*** Begin section ***
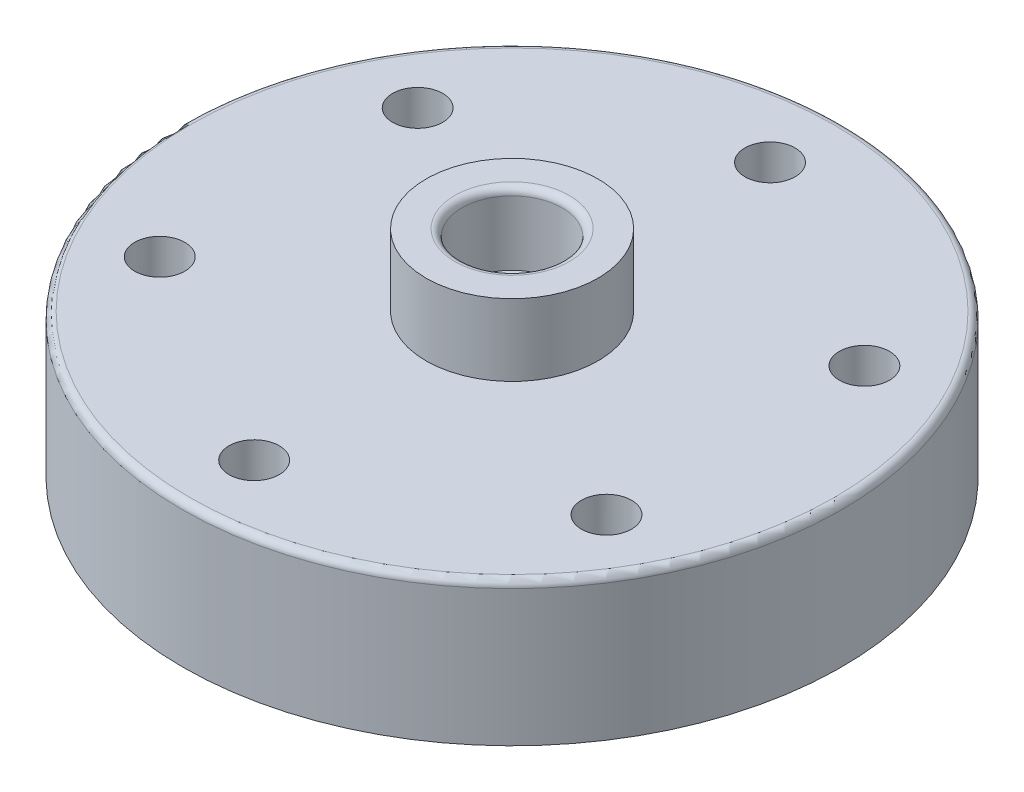
SolidWorks part; units mm, degrees
material "AISI 316 Stainless Steel Sheet (SS)"
ref_plane "Front Plane" through (0, 0, 0) normal (0, 0, 1) x (1, 0, 0)
ref_plane "Top Plane" through (0, 0, 0) normal (0, 1, 0) x (1, 0, 0)
ref_plane "Right Plane" through (0, 0, 0) normal (1, 0, 0) x (0, 0, -1)
sketch "Sketch1" plane through (0, 0, 0) normal (0, 1, 0) x (1, 0, 0)
  circle A0 centre (0, 0) radius 46
  circle A1 centre (0, 0) radius 36 construction
  circle A2 centre (0, 36) radius 3.5
  circle A3 centre (0, 0) radius 36 construction
  circle A4 centre (31.1769, 18) radius 3.5
  circle A5 centre (0, 0) radius 36 construction
  circle A6 centre (31.1769, -18) radius 3.5
  circle A7 centre (0, 0) radius 36 construction
  circle A8 centre (0, -36) radius 3.5
  circle A9 centre (0, 0) radius 36 construction
  circle A10 centre (-31.1769, -18) radius 3.5
  circle A11 centre (0, 0) radius 36 construction
  circle A12 centre (-31.1769, 18) radius 3.5
  point P24 (0, 0)
  dimension "D1" = 92
  dimension "D2" = 72
  dimension "D3" = 7
  dimension "D4" = 6
extrude "Boss-Extrude1" add sketch "Sketch1" along normal blind 20
fillet "Fillet1" radius 1 1 edges at (0, 20, 46)
sketch "Sketch2" plane through (0, 20, 0) normal (0, 1, 0) x (1, 0, 0)
  circle A0 centre (0, 0) radius 12
  dimension "D1" = 24
extrude "Boss-Extrude2" add sketch "Sketch2" along normal blind 10
sketch "Sketch3" plane through (0, 0, 0) normal (0, -1, 0) x (1, 0, 0)
  circle A0 centre (0, 0) radius 33
  dimension "D1" = 66
extrude "Cut-Extrude1" cut sketch "Sketch3" against normal blind 14
sketch "Sketch4" plane through (0, 14, 0) normal (0, -1, 0) x (1, 0, 0)
  circle A0 centre (0, 0) radius 2.5
  dimension "D1" = 5
extrude "Cut-Extrude2" cut sketch "Sketch4" against normal blind 6
sketch "Sketch5" plane through (0, 30, 0) normal (0, 1, 0) x (1, 0, 0)
  circle A0 centre (0, 0) radius 7
  dimension "D1" = 14
extrude "Cut-Extrude3" cut sketch "Sketch5" against normal blind 10
cosmetic thread "Cosmetic Thread1" parameters "D1"=10, "D2"=16
fillet "Fillet2" radius 1 1 edges at (0, 30, 7)
sketch "Sketch6" plane through (0, 0, 0) normal (1, 0, 0) x (0, 0, -1)
  circle A0 centre (0, 8) radius 4
  dimension "D1" = 8
  dimension "D2" = 8
extrude "Cut-Extrude4" cut sketch "Sketch6" against normal blind 54
*** End section ***
Could you output all the entries above exactly as written, leaving out the pictures?

SolidWorks part; units mm, degrees
material "AISI 316 Stainless Steel Sheet (SS)"
ref_plane "Front Plane" through (0, 0, 0) normal (0, 0, 1) x (1, 0, 0)
ref_plane "Top Plane" through (0, 0, 0) normal (0, 1, 0) x (1, 0, 0)
ref_plane "Right Plane" through (0, 0, 0) normal (1, 0, 0) x (0, 0, -1)
sketch "Sketch1" plane through (0, 0, 0) normal (0, 1, 0) x (1, 0, 0)
  circle A0 centre (0, 0) radius 46
  circle A1 centre (0, 0) radius 36 construction
  circle A2 centre (0, 36) radius 3.5
  circle A3 centre (0, 0) radius 36 construction
  circle A4 centre (31.1769, 18) radius 3.5
  circle A5 centre (0, 0) radius 36 construction
  circle A6 centre (31.1769, -18) radius 3.5
  circle A7 centre (0, 0) radius 36 construction
  circle A8 centre (0, -36) radius 3.5
  circle A9 centre (0, 0) radius 36 construction
  circle A10 centre (-31.1769, -18) radius 3.5
  circle A11 centre (0, 0) radius 36 construction
  circle A12 centre (-31.1769, 18) radius 3.5
  point P24 (0, 0)
  dimension "D1" = 92
  dimension "D2" = 72
  dimension "D3" = 7
  dimension "D4" = 6
extrude "Boss-Extrude1" add sketch "Sketch1" along normal blind 20
fillet "Fillet1" radius 1 1 edges at (0, 20, 46)
sketch "Sketch2" plane through (0, 20, 0) normal (0, 1, 0) x (1, 0, 0)
  circle A0 centre (0, 0) radius 12
  dimension "D1" = 24
extrude "Boss-Extrude2" add sketch "Sketch2" along normal blind 10
sketch "Sketch3" plane through (0, 0, 0) normal (0, -1, 0) x (1, 0, 0)
  circle A0 centre (0, 0) radius 33
  dimension "D1" = 66
extrude "Cut-Extrude1" cut sketch "Sketch3" against normal blind 14
sketch "Sketch4" plane through (0, 14, 0) normal (0, -1, 0) x (1, 0, 0)
  circle A0 centre (0, 0) radius 2.5
  dimension "D1" = 5
extrude "Cut-Extrude2" cut sketch "Sketch4" against normal blind 6
sketch "Sketch5" plane through (0, 30, 0) normal (0, 1, 0) x (1, 0, 0)
  circle A0 centre (0, 0) radius 7
  dimension "D1" = 14
extrude "Cut-Extrude3" cut sketch "Sketch5" against normal blind 10
cosmetic thread "Cosmetic Thread1" parameters "D1"=10, "D2"=16
fillet "Fillet2" radius 1 1 edges at (0, 30, 7)
sketch "Sketch6" plane through (0, 0, 0) normal (1, 0, 0) x (0, 0, -1)
  circle A0 centre (0, 8) radius 4
  dimension "D1" = 8
  dimension "D2" = 8
extrude "Cut-Extrude4" cut sketch "Sketch6" against normal blind 54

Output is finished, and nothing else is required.